The ability to detect single genes by exon microarray and tag-seq was exemplified by analysing the mRNA expression levels as a function of sample purity for three different B-cell mRNA transcripts. The mRNA expression levels of CD74, HLA
DRA, and BCL6 followed a linear relationship as a function of sample purity for exon microarray, whereas larger fluctuations were observed for tag-seq (Figure 3). Feng et al. demonstrated an increased coefficient of variation when detecting low-abundant mRNA transcripts by tag-seq . With increased sequencing depth, detection of low-abundant mRNA transcript will probably become more accurate . Feng et al. described the relationship between total sequence volume and information of mRNA expression levels as a sigmoid function. This means the deeper the sequencing, the greater the information . The present work demonstrates that the difference in the ability to detect the three genes above depends on the sample purity and the initial abundance in the pure B-cell sample. Tag-seq showed a tendency to have higher ability to detect highly abundant transcripts compared to exon microarray, supporting previous observations [5, 14].
Based on the analysis of the three selected single genes, we demonstrated that the best detection ability corresponds to the highly abundant malignant B-cell transcripts, and there was an actual loss in the ability to detect low-abundant mRNA transcripts in samples with low purity. For BCL6, as a low-abundant gene, it was evident that a malignant B-cell frequency above 20-50% was required for reliable transcript detection. This supports the observed proportional relationship between the ability to detect genes and increasing sample purity.

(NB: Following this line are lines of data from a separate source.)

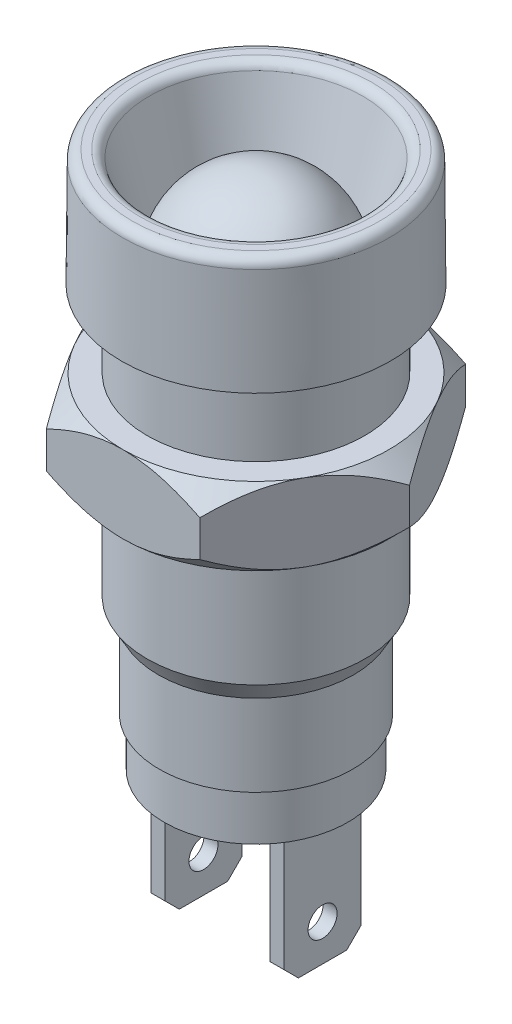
ISO-10303-21;
HEADER;
FILE_DESCRIPTION(('STEP AP214'),'2;1');
FILE_NAME('part.step','',(''),(''),'','','');
FILE_SCHEMA(('AUTOMOTIVE_DESIGN { 1 0 10303 214 1 1 1 1 }'));
ENDSEC;
DATA;
#1=APPLICATION_CONTEXT('core data for automotive mechanical design processes');
#2=APPLICATION_PROTOCOL_DEFINITION('international standard','automotive_design',2000,#1);
#3=PRODUCT_CONTEXT('',#1,'mechanical');
#4=PRODUCT('Part','Part','',(#3));
#5=PRODUCT_RELATED_PRODUCT_CATEGORY('part','',(#4));
#6=PRODUCT_DEFINITION_FORMATION('','',#4);
#7=PRODUCT_DEFINITION_CONTEXT('part definition',#1,'design');
#8=PRODUCT_DEFINITION('design','',#6,#7);
#9=PRODUCT_DEFINITION_SHAPE('','',#8);
#10=(LENGTH_UNIT() NAMED_UNIT(*) SI_UNIT(.MILLI.,.METRE.));
#11=(NAMED_UNIT(*) PLANE_ANGLE_UNIT() SI_UNIT($,.RADIAN.));
#12=(NAMED_UNIT(*) SI_UNIT($,.STERADIAN.) SOLID_ANGLE_UNIT());
#13=UNCERTAINTY_MEASURE_WITH_UNIT(LENGTH_MEASURE(1.E-05),#10,'distance_accuracy_value','');
#14=(GEOMETRIC_REPRESENTATION_CONTEXT(3) GLOBAL_UNCERTAINTY_ASSIGNED_CONTEXT((#13)) GLOBAL_UNIT_ASSIGNED_CONTEXT((#10,
#11,#12)) REPRESENTATION_CONTEXT('',''));
#15=CARTESIAN_POINT('',(0.,0.,0.));
#16=DIRECTION('',(0.,0.,1.));
#17=DIRECTION('',(1.,0.,0.));
#18=AXIS2_PLACEMENT_3D('',#15,#16,#17);
#19=CARTESIAN_POINT('',(0.,-7.62,0.));
#20=DIRECTION('',(0.,1.,0.));
#21=DIRECTION('',(0.,0.,1.));
#22=AXIS2_PLACEMENT_3D('',#19,#20,#21);
#23=CYLINDRICAL_SURFACE('',#22,2.8575);
#24=CARTESIAN_POINT('',(0.,-7.112,0.));
#25=DIRECTION('',(0.,-1.,0.));
#26=DIRECTION('',(0.,0.,-1.));
#27=AXIS2_PLACEMENT_3D('',#24,#25,#26);
#28=CIRCLE('',#27,2.8575);
#29=CARTESIAN_POINT('',(0.,-7.112,2.8575));
#30=VERTEX_POINT('',#29);
#31=EDGE_CURVE('E465',#30,#30,#28,.F.);
#32=CARTESIAN_POINT('',(0.,-4.064,0.));
#33=DIRECTION('',(0.,1.,0.));
#34=DIRECTION('',(0.,0.,1.));
#35=AXIS2_PLACEMENT_3D('',#32,#33,#34);
#36=CIRCLE('',#35,2.8575);
#37=CARTESIAN_POINT('',(0.,-4.064,2.8575));
#38=VERTEX_POINT('',#37);
#39=EDGE_CURVE('E11',#38,#38,#36,.T.);
#40=CARTESIAN_POINT('',(0.,-7.112,2.8575));
#41=CARTESIAN_POINT('',(0.,-7.08025,2.8575));
#42=CARTESIAN_POINT('',(0.,-7.0485,2.8575));
#43=CARTESIAN_POINT('',(0.,-6.985,2.8575));
#44=CARTESIAN_POINT('',(0.,-6.95325,2.8575));
#45=CARTESIAN_POINT('',(0.,-6.88975,2.8575));
#46=CARTESIAN_POINT('',(0.,-6.858,2.8575));
#47=CARTESIAN_POINT('',(0.,-6.7945,2.8575));
#48=CARTESIAN_POINT('',(0.,-6.76275,2.8575));
#49=CARTESIAN_POINT('',(0.,-6.69925,2.8575));
#50=CARTESIAN_POINT('',(0.,-6.6675,2.8575));
#51=CARTESIAN_POINT('',(0.,-6.604,2.8575));
#52=CARTESIAN_POINT('',(0.,-6.57225,2.8575));
#53=CARTESIAN_POINT('',(0.,-6.50875,2.8575));
#54=CARTESIAN_POINT('',(0.,-6.477,2.8575));
#55=CARTESIAN_POINT('',(0.,-6.4135,2.8575));
#56=CARTESIAN_POINT('',(0.,-6.38175,2.8575));
#57=CARTESIAN_POINT('',(0.,-6.31825,2.8575));
#58=CARTESIAN_POINT('',(0.,-6.2865,2.8575));
#59=CARTESIAN_POINT('',(0.,-6.223,2.8575));
#60=CARTESIAN_POINT('',(0.,-6.19125,2.8575));
#61=CARTESIAN_POINT('',(0.,-6.12775,2.8575));
#62=CARTESIAN_POINT('',(0.,-6.096,2.8575));
#63=CARTESIAN_POINT('',(0.,-6.0325,2.8575));
#64=CARTESIAN_POINT('',(0.,-6.00075,2.8575));
#65=CARTESIAN_POINT('',(0.,-5.93725,2.8575));
#66=CARTESIAN_POINT('',(0.,-5.9055,2.8575));
#67=CARTESIAN_POINT('',(0.,-5.842,2.8575));
#68=CARTESIAN_POINT('',(0.,-5.81025,2.8575));
#69=CARTESIAN_POINT('',(0.,-5.74675,2.8575));
#70=CARTESIAN_POINT('',(0.,-5.715,2.8575));
#71=CARTESIAN_POINT('',(0.,-5.6515,2.8575));
#72=CARTESIAN_POINT('',(0.,-5.61975,2.8575));
#73=CARTESIAN_POINT('',(0.,-5.55625,2.8575));
#74=CARTESIAN_POINT('',(0.,-5.5245,2.8575));
#75=CARTESIAN_POINT('',(0.,-5.461,2.8575));
#76=CARTESIAN_POINT('',(0.,-5.42925,2.8575));
#77=CARTESIAN_POINT('',(0.,-5.36575,2.8575));
#78=CARTESIAN_POINT('',(0.,-5.334,2.8575));
#79=CARTESIAN_POINT('',(0.,-5.2705,2.8575));
#80=CARTESIAN_POINT('',(0.,-5.23875,2.8575));
#81=CARTESIAN_POINT('',(0.,-5.17525,2.8575));
#82=CARTESIAN_POINT('',(0.,-5.1435,2.8575));
#83=CARTESIAN_POINT('',(0.,-5.08,2.8575));
#84=CARTESIAN_POINT('',(0.,-5.04825,2.8575));
#85=CARTESIAN_POINT('',(0.,-4.98475,2.8575));
#86=CARTESIAN_POINT('',(0.,-4.953,2.8575));
#87=CARTESIAN_POINT('',(0.,-4.8895,2.8575));
#88=CARTESIAN_POINT('',(0.,-4.85775,2.8575));
#89=CARTESIAN_POINT('',(0.,-4.79425,2.8575));
#90=CARTESIAN_POINT('',(0.,-4.7625,2.8575));
#91=CARTESIAN_POINT('',(0.,-4.699,2.8575));
#92=CARTESIAN_POINT('',(0.,-4.66725,2.8575));
#93=CARTESIAN_POINT('',(0.,-4.60375,2.8575));
#94=CARTESIAN_POINT('',(0.,-4.572,2.8575));
#95=CARTESIAN_POINT('',(0.,-4.5085,2.8575));
#96=CARTESIAN_POINT('',(0.,-4.47675,2.8575));
#97=CARTESIAN_POINT('',(0.,-4.41325,2.8575));
#98=CARTESIAN_POINT('',(0.,-4.3815,2.8575));
#99=CARTESIAN_POINT('',(0.,-4.318,2.8575));
#100=CARTESIAN_POINT('',(0.,-4.28625,2.8575));
#101=CARTESIAN_POINT('',(0.,-4.22275,2.8575));
#102=CARTESIAN_POINT('',(0.,-4.191,2.8575));
#103=CARTESIAN_POINT('',(0.,-4.1275,2.8575));
#104=CARTESIAN_POINT('',(0.,-4.09575,2.8575));
#105=CARTESIAN_POINT('',(0.,-4.064,2.8575));
#106=B_SPLINE_CURVE_WITH_KNOTS('',3,(#40,#41,#42,#43,#44,#45,#46,#47,#48,#49,#50,#51,#52,#53,
#54,#55,#56,#57,#58,#59,#60,#61,#62,#63,#64,#65,#66,#67,#68,#69,#70,#71,#72,#73,#74,#75,#76,#77,
#78,#79,#80,#81,#82,#83,#84,#85,#86,#87,#88,#89,#90,#91,#92,#93,#94,#95,#96,#97,#98,#99,#100,
#101,#102,#103,#104,#105),.UNSPECIFIED.,.F.,.F.,(4,2,2,2,2,2,2,2,2,2,2,2,2,2,2,2,2,2,2,2,2,2,2,
2,2,2,2,2,2,2,2,2,4),(0.,0.0952499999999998,0.1905,0.28575,0.380999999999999,0.476249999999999,
0.571499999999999,0.666749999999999,0.761999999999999,0.857249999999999,0.952499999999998,
1.04775,1.143,1.23825,1.3335,1.42875,1.524,1.61925,1.7145,1.80975,1.905,2.00025,2.0955,2.19075,
2.286,2.38125,2.4765,2.57175,2.667,2.76225,2.8575,2.95275,3.048),.UNSPECIFIED.);
#107=EDGE_CURVE('BSEAM36',#30,#38,#106,.T.);
#108=ORIENTED_EDGE('',*,*,#31,.T.);
#109=ORIENTED_EDGE('',*,*,#39,.F.);
#110=ORIENTED_EDGE('',*,*,#107,.T.);
#111=ORIENTED_EDGE('',*,*,#107,.F.);
#112=EDGE_LOOP('',(#108,#110,#109,#111));
#113=FACE_BOUND('',#112,.T.);
#114=ADVANCED_FACE('F36',(#113),#23,.T.);
#115=CARTESIAN_POINT('',(0.,-11.049,0.));
#116=DIRECTION('',(0.,-1.,0.));
#117=DIRECTION('',(0.,0.,-1.));
#118=AXIS2_PLACEMENT_3D('',#115,#116,#117);
#119=PLANE('',#118);
#120=DIRECTION('',(-1.,0.,0.));
#121=VECTOR('',#120,1.);
#122=CARTESIAN_POINT('',(-1.38009514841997,-11.049,1.016));
#123=LINE('',#122,#121);
#124=CARTESIAN_POINT('',(-1.38009514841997,-11.049,1.016));
#125=VERTEX_POINT('',#124);
#126=CARTESIAN_POINT('',(-1.74856462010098,-11.049,1.016));
#127=VERTEX_POINT('',#126);
#128=EDGE_CURVE('E562',#125,#127,#123,.T.);
#129=ORIENTED_EDGE('',*,*,#128,.F.);
#130=DIRECTION('',(0.,0.,1.));
#131=VECTOR('',#130,1.);
#132=CARTESIAN_POINT('',(-1.38009514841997,-11.049,-1.016));
#133=LINE('',#132,#131);
#134=CARTESIAN_POINT('',(-1.38009514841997,-11.049,-1.016));
#135=VERTEX_POINT('',#134);
#136=EDGE_CURVE('E559',#135,#125,#133,.T.);
#137=ORIENTED_EDGE('',*,*,#136,.F.);
#138=DIRECTION('',(1.,0.,0.));
#139=VECTOR('',#138,1.);
#140=CARTESIAN_POINT('',(-1.38009514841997,-11.049,-1.016));
#141=LINE('',#140,#139);
#142=CARTESIAN_POINT('',(-1.74856462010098,-11.049,-1.016));
#143=VERTEX_POINT('',#142);
#144=EDGE_CURVE('E568',#143,#135,#141,.T.);
#145=ORIENTED_EDGE('',*,*,#144,.F.);
#146=DIRECTION('',(0.,0.,-1.));
#147=VECTOR('',#146,1.);
#148=CARTESIAN_POINT('',(-1.74856462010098,-11.049,-1.016));
#149=LINE('',#148,#147);
#150=EDGE_CURVE('E565',#127,#143,#149,.T.);
#151=ORIENTED_EDGE('',*,*,#150,.F.);
#152=EDGE_LOOP('',(#129,#137,#145,#151));
#153=FACE_BOUND('',#152,.T.);
#154=CARTESIAN_POINT('',(0.,-11.049,0.));
#155=DIRECTION('',(0.,-1.,0.));
#156=DIRECTION('',(0.,0.,-1.));
#157=AXIS2_PLACEMENT_3D('',#154,#155,#156);
#158=CIRCLE('',#157,2.413);
#159=CARTESIAN_POINT('',(0.,-11.049,-2.413));
#160=VERTEX_POINT('',#159);
#161=EDGE_CURVE('E588',#160,#160,#158,.T.);
#162=ORIENTED_EDGE('',*,*,#161,.T.);
#163=EDGE_LOOP('',(#162));
#164=FACE_BOUND('',#163,.T.);
#165=DIRECTION('',(0.,0.,1.));
#166=VECTOR('',#165,1.);
#167=CARTESIAN_POINT('',(1.74856462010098,-11.049,-1.016));
#168=LINE('',#167,#166);
#169=CARTESIAN_POINT('',(1.74856462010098,-11.049,-1.016));
#170=VERTEX_POINT('',#169);
#171=CARTESIAN_POINT('',(1.74856462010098,-11.049,1.016));
#172=VERTEX_POINT('',#171);
#173=EDGE_CURVE('E536',#170,#172,#168,.T.);
#174=ORIENTED_EDGE('',*,*,#173,.F.);
#175=DIRECTION('',(1.,0.,0.));
#176=VECTOR('',#175,1.);
#177=CARTESIAN_POINT('',(1.38009514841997,-11.049,-1.016));
#178=LINE('',#177,#176);
#179=CARTESIAN_POINT('',(1.38009514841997,-11.049,-1.016));
#180=VERTEX_POINT('',#179);
#181=EDGE_CURVE('E533',#180,#170,#178,.T.);
#182=ORIENTED_EDGE('',*,*,#181,.F.);
#183=DIRECTION('',(0.,0.,-1.));
#184=VECTOR('',#183,1.);
#185=CARTESIAN_POINT('',(1.38009514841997,-11.049,-1.016));
#186=LINE('',#185,#184);
#187=CARTESIAN_POINT('',(1.38009514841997,-11.049,1.016));
#188=VERTEX_POINT('',#187);
#189=EDGE_CURVE('E542',#188,#180,#186,.T.);
#190=ORIENTED_EDGE('',*,*,#189,.F.);
#191=DIRECTION('',(-1.,0.,0.));
#192=VECTOR('',#191,1.);
#193=CARTESIAN_POINT('',(1.38009514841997,-11.049,1.016));
#194=LINE('',#193,#192);
#195=EDGE_CURVE('E539',#172,#188,#194,.T.);
#196=ORIENTED_EDGE('',*,*,#195,.F.);
#197=EDGE_LOOP('',(#174,#182,#190,#196));
#198=FACE_BOUND('',#197,.T.);
#199=ADVANCED_FACE('F431',(#153,#164,#198),#119,.T.);
#200=CARTESIAN_POINT('',(0.,-9.779,0.));
#201=DIRECTION('',(0.,-1.,0.));
#202=DIRECTION('',(0.,0.,-1.));
#203=AXIS2_PLACEMENT_3D('',#200,#201,#202);
#204=PLANE('',#203);
#205=CARTESIAN_POINT('',(0.,-9.779,0.));
#206=DIRECTION('',(0.,-1.,0.));
#207=DIRECTION('',(0.,0.,-1.));
#208=AXIS2_PLACEMENT_3D('',#205,#206,#207);
#209=CIRCLE('',#208,2.54);
#210=CARTESIAN_POINT('',(0.,-9.779,-2.54));
#211=VERTEX_POINT('',#210);
#212=EDGE_CURVE('E594',#211,#211,#209,.T.);
#213=ORIENTED_EDGE('',*,*,#212,.T.);
#214=EDGE_LOOP('',(#213));
#215=FACE_BOUND('',#214,.T.);
#216=CARTESIAN_POINT('',(0.,-9.779,0.));
#217=DIRECTION('',(0.,-1.,0.));
#218=DIRECTION('',(0.,0.,-1.));
#219=AXIS2_PLACEMENT_3D('',#216,#217,#218);
#220=CIRCLE('',#219,2.413);
#221=CARTESIAN_POINT('',(0.,-9.779,-2.413));
#222=VERTEX_POINT('',#221);
#223=EDGE_CURVE('E585',#222,#222,#220,.T.);
#224=ORIENTED_EDGE('',*,*,#223,.F.);
#225=EDGE_LOOP('',(#224));
#226=FACE_BOUND('',#225,.T.);
#227=ADVANCED_FACE('F438',(#215,#226),#204,.T.);
#228=CARTESIAN_POINT('',(0.,-7.62,0.));
#229=DIRECTION('',(0.,-1.,0.));
#230=DIRECTION('',(0.,0.,-1.));
#231=AXIS2_PLACEMENT_3D('',#228,#229,#230);
#232=PLANE('',#231);
#233=CARTESIAN_POINT('',(0.,-7.62,0.));
#234=DIRECTION('',(0.,-1.,0.));
#235=DIRECTION('',(0.,0.,-1.));
#236=AXIS2_PLACEMENT_3D('',#233,#234,#235);
#237=CIRCLE('',#236,2.56420606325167);
#238=CARTESIAN_POINT('',(0.,-7.62,-2.56420606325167));
#239=VERTEX_POINT('',#238);
#240=EDGE_CURVE('E461',#239,#239,#237,.T.);
#241=ORIENTED_EDGE('',*,*,#240,.T.);
#242=EDGE_LOOP('',(#241));
#243=FACE_BOUND('',#242,.T.);
#244=CARTESIAN_POINT('',(0.,-7.62,0.));
#245=DIRECTION('',(0.,-1.,0.));
#246=DIRECTION('',(0.,0.,-1.));
#247=AXIS2_PLACEMENT_3D('',#244,#245,#246);
#248=CIRCLE('',#247,2.54);
#249=CARTESIAN_POINT('',(0.,-7.62,-2.54));
#250=VERTEX_POINT('',#249);
#251=EDGE_CURVE('E591',#250,#250,#248,.T.);
#252=ORIENTED_EDGE('',*,*,#251,.F.);
#253=EDGE_LOOP('',(#252));
#254=FACE_BOUND('',#253,.T.);
#255=ADVANCED_FACE('F645',(#243,#254),#232,.T.);
#256=CARTESIAN_POINT('',(0.,-7.62,0.));
#257=DIRECTION('',(0.,1.,0.));
#258=DIRECTION('',(0.,0.,1.));
#259=AXIS2_PLACEMENT_3D('',#256,#257,#258);
#260=CONICAL_SURFACE('',#259,2.56420606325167,0.523598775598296);
#261=ORIENTED_EDGE('',*,*,#31,.F.);
#262=EDGE_LOOP('',(#261));
#263=FACE_BOUND('',#262,.T.);
#264=ORIENTED_EDGE('',*,*,#240,.F.);
#265=EDGE_LOOP('',(#264));
#266=FACE_BOUND('',#265,.T.);
#267=ADVANCED_FACE('F648',(#263,#266),#260,.T.);
#268=CARTESIAN_POINT('',(0.,-9.779,0.));
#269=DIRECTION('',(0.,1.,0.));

The next obvious step for a follow-up study within this theme is to make serial dilutions of malignant B-cells into normal B-cells, T-cells and macrophages. Our results show that basic requirements of detection abilities can be identified and detection capabilities can be studied in a formal framework. Other directions for future studies include RNA-Seq on the entire poly-A fraction. This may help to detect even very low-abundant transcript, possibly helping to identify malignant B-cell specific transcript, i.e. alternative splicing isoforms, which are missed by tag-seq or more interestingly the fusion transcripts, which are cancer-specific and may dramatically help to create the conditions for establishing a future model system.